PROBLEM DESCRIPTION:
Leaving out all pictures, transcribe the lines below exactly, from the first through the line containing "# Not quite".

DATA FOR THE TASK:
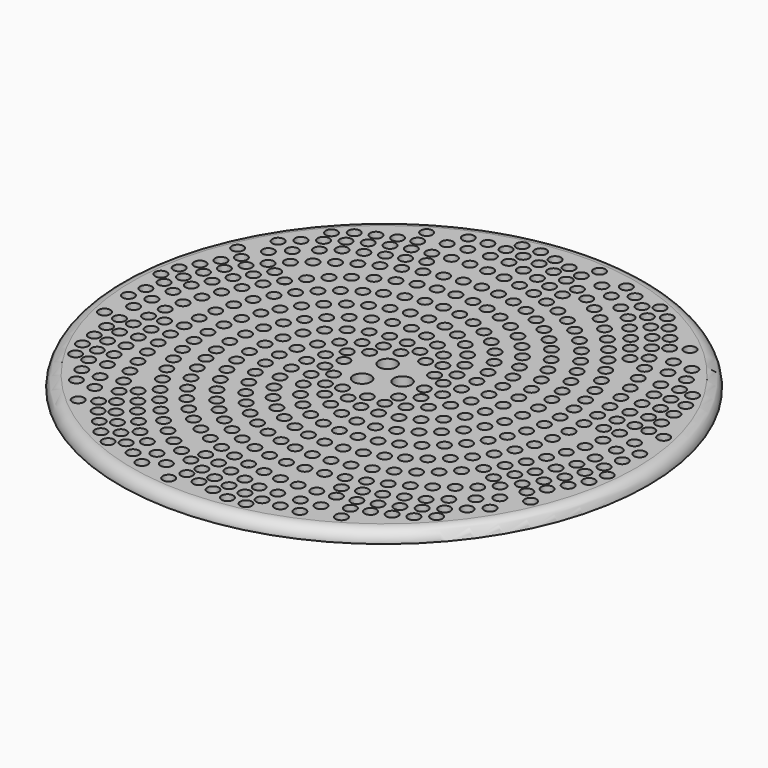
from build123d import *

# Parameters (mm, degrees)
F0_R      = 45
F1_DEPTH  = 2
F2_R      = 5.25
F3_DEPTH  = 1
F4_R      = 3.75
F5_DEPTH  = 5
F6_R      = 2
F7_R      = 1.99999
F8_R      = 1
F9_DEPTH  = 25
F10_R     = 1
F10_R_2   = 1.5
F11_DEPTH = 25


# Not quite as in the source:
# - a fillet or chamfer is up to 0.001 mm smaller than in the source, because OpenCascade refuses the exact size


with BuildPart() as f1:
    # F0 (on Top) → F1 (new body)
    with BuildSketch(Plane.XY):
        Circle(F0_R)
    extrude(amount=F1_DEPTH)

    # F2 (on face) → F3 (cut)
    with BuildSketch(Plane(origin=(0, 0, 0), x_dir=(1, 0, 0), z_dir=(0, 0, -1))):
        with Locations((0, 35)):
            Circle(F2_R)
        with Locations((-30.3108891325, -17.5)):
            Circle(F2_R)
        with Locations((30.3108891325, -17.5)):
            Circle(F2_R)
    extrude(amount=-F3_DEPTH, mode=Mode.SUBTRACT)

    # F4 (on face) → F5 (join)
    with BuildSketch(Plane(origin=(0, 0, 1), x_dir=(1, 0, 0), z_dir=(0, 0, -1))):
        with Locations((0, 35)):
            Circle(F4_R)
        with Locations((30.3108891325, -17.5)):
            Circle(F4_R)
        with Locations((-30.3108891325, -17.5)):
            Circle(F4_R)
    extrude(amount=F5_DEPTH)

    # F6
    f6_edges = [f1.edges().sort_by_distance(p)[0] for p in [
        (-34.060889, 17.5, -4),
        (-3.75, -35, -4),
        (26.560889, 17.5, -4),
    ]]
    fillet(f6_edges, radius=F6_R)

    # F7 (radius 2 in the source; OpenCascade refuses exactly that, so slightly less here)
    f7_edges = [f1.edges().sort_by_distance(p)[0] for p in [
        (-45, 0, 2),
    ]]
    fillet(f7_edges, radius=F7_R)

    # F8 (on face) → F9 (cut)
    with BuildSketch(Plane.XY.offset(2)):
        with Locations((-40.8493989427, -3.4236625268)):
            Circle(F8_R)
        with Locations((-37.2194312295, 8.0217761925)):
            Circle(F8_R)
        with Locations((-39.4834812949, 2.4710397464)):
            Circle(F8_R)
        with Locations((-38.4680309655, 5.2939567888)):
            Circle(F8_R)
        with Locations((-40.2713256638, -0.4236625268)):
            Circle(F8_R)
        with Locations((-35.7373339506, 10.6301066271)):
            Circle(F8_R)
        with Locations((-34.027593705, 13.0952208826)):
            Circle(F8_R)
        with Locations((-32.1025009246, 15.3960941487)):
            Circle(F8_R)
        with Locations((-22.7184350173, 22.804778367)):
            Circle(F8_R)
        with Locations((-27.6942880126, 19.4590303855)):
            Circle(F8_R)
        with Locations((-25.2667541466, 21.2217213197)):
            Circle(F8_R)
        with Locations((-29.981542035, 17.5177758847)):
            Circle(F8_R)
        with Locations((-20.0643504801, 24.2032901724)):
            Circle(F8_R)
        with Locations((-17.3167057976, 25.4076359278)):
            Circle(F8_R)
        with Locations((-14.4864313326, 26.4023954226)):
            Circle(F8_R)
        with Locations((-11.5849426999, 27.1648675298)):
            Circle(F8_R)
        with Locations((-8.626607772, 27.6631189269)):
            Circle(F8_R)
        with Locations((-5.6326711003, 27.8537578673)):
            Circle(F8_R)
        with Locations((5.9110662235, 25.0201439515)):
            Circle(F8_R)
        with Locations((0.3145207901, 27.1521286585)):
            Circle(F8_R)
        with Locations((3.177785049, 26.256741712)):
            Circle(F8_R)
        with Locations((-2.6372636774, 27.6878230277)):
            Circle(F8_R)
        with Locations((8.4765099907, 23.4649917798)):
            Circle(F8_R)
        with Locations((10.8377438023, 21.6144310845)):
            Circle(F8_R)
        with Locations((12.8210696775, 19.6416883073)):
            Circle(F8_R)
        with Locations((14.6696584192, 17.2789103524)):
            Circle(F8_R)
        with Locations((16.1762201169, 14.6846336033)):
            Circle(F8_R)
        with Locations((17.2872605499, 11.8979529334)):
            Circle(F8_R)
        with Locations((17.1563704418, 0.1090617956)):
            Circle(F8_R)
        with Locations((18.1599637889, 6.0055567892)):
            Circle(F8_R)
        with Locations((17.8915320419, 3.0175901902)):
            Circle(F8_R)
        with Locations((17.9579806895, 8.973891632)):
            Circle(F8_R)
        with Locations((15.9391579938, -2.6329071787)):
            Circle(F8_R)
        with Locations((14.2051991524, -5.0810466225)):
            Circle(F8_R)
        with Locations((6.3437518281, -9.104549132)):
            Circle(F8_R)
        with Locations((3.343753197, -9.1074149941)):
            Circle(F8_R)
        with Locations((9.2585771237, -8.3947650127)):
            Circle(F8_R)
        with Locations((11.9383022455, -7.0460347685)):
            Circle(F8_R)
        with Locations((0.4738705573, -8.2334735575)):
            Circle(F8_R)
        with Locations((-1.9367000752, -6.4476546346)):
            Circle(F8_R)
        with Locations((13.7998447247, 1.3167961267)):
            Circle(F8_R)
        with Locations((-9.9243185953, 23.71615921)):
            Circle(F8_R)
        with Locations((10.4837227456, -3.6369712052)):
            Circle(F8_R)
        with Locations((6.9922463043, 19.7868429251)):
            Circle(F8_R)
        with Locations((9.2535904055, 17.8154670462)):
            Circle(F8_R)
        with Locations((-25.3395240375, 15.1673810139)):
            Circle(F8_R)
        with Locations((-34.5522673419, -3.4505298548)):
            Circle(F8_R)
        with Locations((-30.4587375398, 7.7873437602)):
            Circle(F8_R)
        with Locations((4.455425912, 21.3882617638)):
            Circle(F8_R)
        with Locations((-28.9437429708, 10.3767049663)):
            Circle(F8_R)
        with Locations((-31.0354796126, -26.7804754307)):
            Circle(F8_R)
        with Locations((-34.8262341288, -15.3872795106)):
            Circle(F8_R)
        with Locations((-33.3952480854, -21.2086948657)):
            Circle(F8_R)
        with Locations((-32.3311642628, -24.0136414995)):
            Circle(F8_R)
        with Locations((13.8156903342, 10.1724943747)):
            Circle(F8_R)
        with Locations((-35.1603304054, -12.4059409391)):
            Circle(F8_R)
        with Locations((-35.2260792953, -9.4066615117)):
            Circle(F8_R)
        with Locations((-35.0210658934, -6.4136747919)):
            Circle(F8_R)
        with Locations((-31.7839124205, 5.0958921935)):
            Circle(F8_R)
        with Locations((-3.9367249114, 23.8567080462)):
            Circle(F8_R)
        with Locations((-33.8428807338, -0.5356077906)):
            Circle(F8_R)
        with Locations((-32.9150483173, 2.3173077369)):
            Circle(F8_R)
        with Locations((2.2230130322, -6.3546259156)):
            Circle(F8_R)
        with Locations((12.4246653077, -1.3494524685)):
            Circle(F8_R)
        with Locations((-27.2387077905, 12.8450758935)):
            Circle(F8_R)
        with Locations((-6.9347354779, 23.9659446861)):
            Circle(F8_R)
        with Locations((-18.4080851774, 20.8497746707)):
            Circle(F8_R)
        with Locations((14.4426337033, 7.2387353505)):
            Circle(F8_R)
        with Locations((14.4788117937, 4.2389535008)):
            Circle(F8_R)
        with Locations((12.7008584661, 12.957660421)):
            Circle(F8_R)
        with Locations((1.711714282, 22.6015409944)):
            Circle(F8_R)
        with Locations((-34.233000518, -18.3280402766)):
            Circle(F8_R)
        with Locations((8.0583573814, -5.4026446886)):
            Circle(F8_R)
        with Locations((-15.7051681295, 22.1514042001)):
            Circle(F8_R)
        with Locations((-1.172631462, 23.4264953138)):
            Circle(F8_R)
        with Locations((11.1617416099, 15.5327564005)):
            Circle(F8_R)
        with Locations((-23.239045629, 17.3093405036)):
            Circle(F8_R)
        with Locations((-12.8624434425, 23.1100054487)):
            Circle(F8_R)
        with Locations((5.2228836663, -6.3824859057)):
            Circle(F8_R)
        with Locations((-20.9289547392, 19.2233624681)):
            Circle(F8_R)
        with Locations((10.3903155584, 9.1766556577)):
            Circle(F8_R)
        with Locations((-21.9689510258, 13.3534077328)):
            Circle(F8_R)
        with Locations((10.619267903, 3.219806106)):
            Circle(F8_R)
        with Locations((-5.9735683718, 20.1178314495)):
            Circle(F8_R)
        with Locations((-2.9853568954, 19.8521395742)):
            Circle(F8_R)
        with Locations((-29.4152684516, -2.623529529)):
            Circle(F8_R)
        with Locations((-25.9252009125, -23.100850469)):
            Circle(F8_R)
        with Locations((-29.2189221137, -11.6031032863)):
            Circle(F8_R)
        with Locations((-8.967189557, 19.9223008908)):
            Circle(F8_R)
        with Locations((-29.5152540908, -8.617774601)):
            Circle(F8_R)
        with Locations((-9.3670619276, -39.908056955)):
            Circle(F8_R)
        with Locations((-19.1305992911, -32.9189174351)):
            Circle(F8_R)
        with Locations((-14.55116517, -36.7874288961)):
            Circle(F8_R)
        with Locations((-12.0415970093, -38.431225613)):
            Circle(F8_R)
        with Locations((5.1978860969, 16.350379853)):
            Circle(F8_R)
        with Locations((-21.153275701, -30.7033407289)):
            Circle(F8_R)
        with Locations((-22.9693998852, -28.3155189292)):
            Circle(F8_R)
        with Locations((-24.5627740133, -25.7736379547)):
            Circle(F8_R)
        with Locations((-28.7090155745, -14.5594515948)):
            Circle(F8_R)
        with Locations((-17.2074985133, 16.9865333939)):
            Circle(F8_R)
        with Locations((-27.0646432919, -20.3256619954)):
            Circle(F8_R)
        with Locations((-27.9909127721, -17.4722386391)):
            Circle(F8_R)
        with Locations((5.5336107188, -3.8343460826)):
            Circle(F8_R)
        with Locations((10.844953643, 6.2113050524)):
            Circle(F8_R)
        with Locations((-29.5867236821, -5.6186260389)):
            Circle(F8_R)
        with Locations((-19.6971476969, 15.3127212949)):
            Circle(F8_R)
        with Locations((-27.1476438075, 6.0478210472)):
            Circle(F8_R)
        with Locations((7.4295142253, 14.3454270114)):
            Circle(F8_R)
        with Locations((9.2220104465, 11.9398174636)):
            Circle(F8_R)
        with Locations((2.6588886425, 17.9483447858)):
            Circle(F8_R)
        with Locations((-11.900046532, 19.2911511746)):
            Circle(F8_R)
        with Locations((-16.9221274095, -34.9493489036)):
            Circle(F8_R)
        with Locations((9.6949429396, 0.3657522589)):
            Circle(F8_R)
        with Locations((-25.7260166227, 8.6895962359)):
            Circle(F8_R)
        with Locations((-14.7184272393, 18.2631773478)):
            Circle(F8_R)
        with Locations((-0.0998864904, 19.1269710057)):
            Circle(F8_R)
        with Locations((-28.9749579218, 0.3439823307)):
            Circle(F8_R)
        with Locations((-23.9896557173, 11.1360325842)):
            Circle(F8_R)
        with Locations((7.976932734, -2.0936055706)):
            Circle(F8_R)
        with Locations((-28.2310890167, 3.2502959841)):
            Circle(F8_R)
        with Locations((3.0120390027, 13.5313446305)):
            Circle(F8_R)
        with Locations((-25.6221908617, -2.1098916326)):
            Circle(F8_R)
        with Locations((6.698613657, 8.8467269218)):
            Circle(F8_R)
        with Locations((-16.6576829639, 12.7644921402)):
            Circle(F8_R)
        with Locations((-14.0839993308, 14.3059695343)):
            Circle(F8_R)
        with Locations((-22.2553801054, -19.4123409623)):
            Circle(F8_R)
        with Locations((-7.3955888997, -33.927431373)):
            Circle(F8_R)
        with Locations((-16.8184715547, -26.5615592524)):
            Circle(F8_R)
        with Locations((-18.9646433987, 10.8466982116)):
            Circle(F8_R)
        with Locations((-18.8129413347, -24.3205571782)):
            Circle(F8_R)
        with Locations((15.879255039, -37.7921171474)):
            Circle(F8_R)
        with Locations((3.8722742507, -37.8766477722)):
            Circle(F8_R)
        with Locations((9.8509682644, -38.3146154469)):
            Circle(F8_R)
        with Locations((12.847451023, -38.1693877717)):
            Circle(F8_R)
        with Locations((-5.4053339597, 16.2829759564)):
            Circle(F8_R)
        with Locations((0.9336113478, -37.2731079285)):
            Circle(F8_R)
        with Locations((-1.9391904202, -36.4088105248)):
            Circle(F8_R)
        with Locations((-4.722337318, -35.2889474326)):
            Circle(F8_R)
        with Locations((-14.6682505627, -28.6535797316)):
            Circle(F8_R)
        with Locations((-23.9055925445, 3.6280803362)):
            Circle(F8_R)
        with Locations((-9.9486320059, -32.3520041617)):
            Circle(F8_R)
        with Locations((-12.3751999241, -30.5879837145)):
            Circle(F8_R)
        with Locations((6.7305571913, 0.1505236293)):
            Circle(F8_R)
        with Locations((5.1228382931, 11.3995551578)):
            Circle(F8_R)
        with Locations((-20.6336167429, -21.9362037945)):
            Circle(F8_R)
        with Locations((-24.9359189771, 0.8105588293)):
            Circle(F8_R)
        with Locations((-25.5177252176, -11.0641946584)):
            Circle(F8_R)
        with Locations((-2.421427167, 15.9726531371)):
            Circle(F8_R)
        with Locations((0.4427145534, 15.0800769747)):
            Circle(F8_R)
        with Locations((-8.3986862702, 16.0833714841)):
            Circle(F8_R)
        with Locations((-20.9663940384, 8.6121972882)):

TASK RESPONSE:
from build123d import *

# Parameters (mm, degrees)
F0_R      = 45
F1_DEPTH  = 2
F2_R      = 5.25
F3_DEPTH  = 1
F4_R      = 3.75
F5_DEPTH  = 5
F6_R      = 2
F7_R      = 1.99999
F8_R      = 1
F9_DEPTH  = 25
F10_R     = 1
F10_R_2   = 1.5
F11_DEPTH = 25


# Not quite as in the source:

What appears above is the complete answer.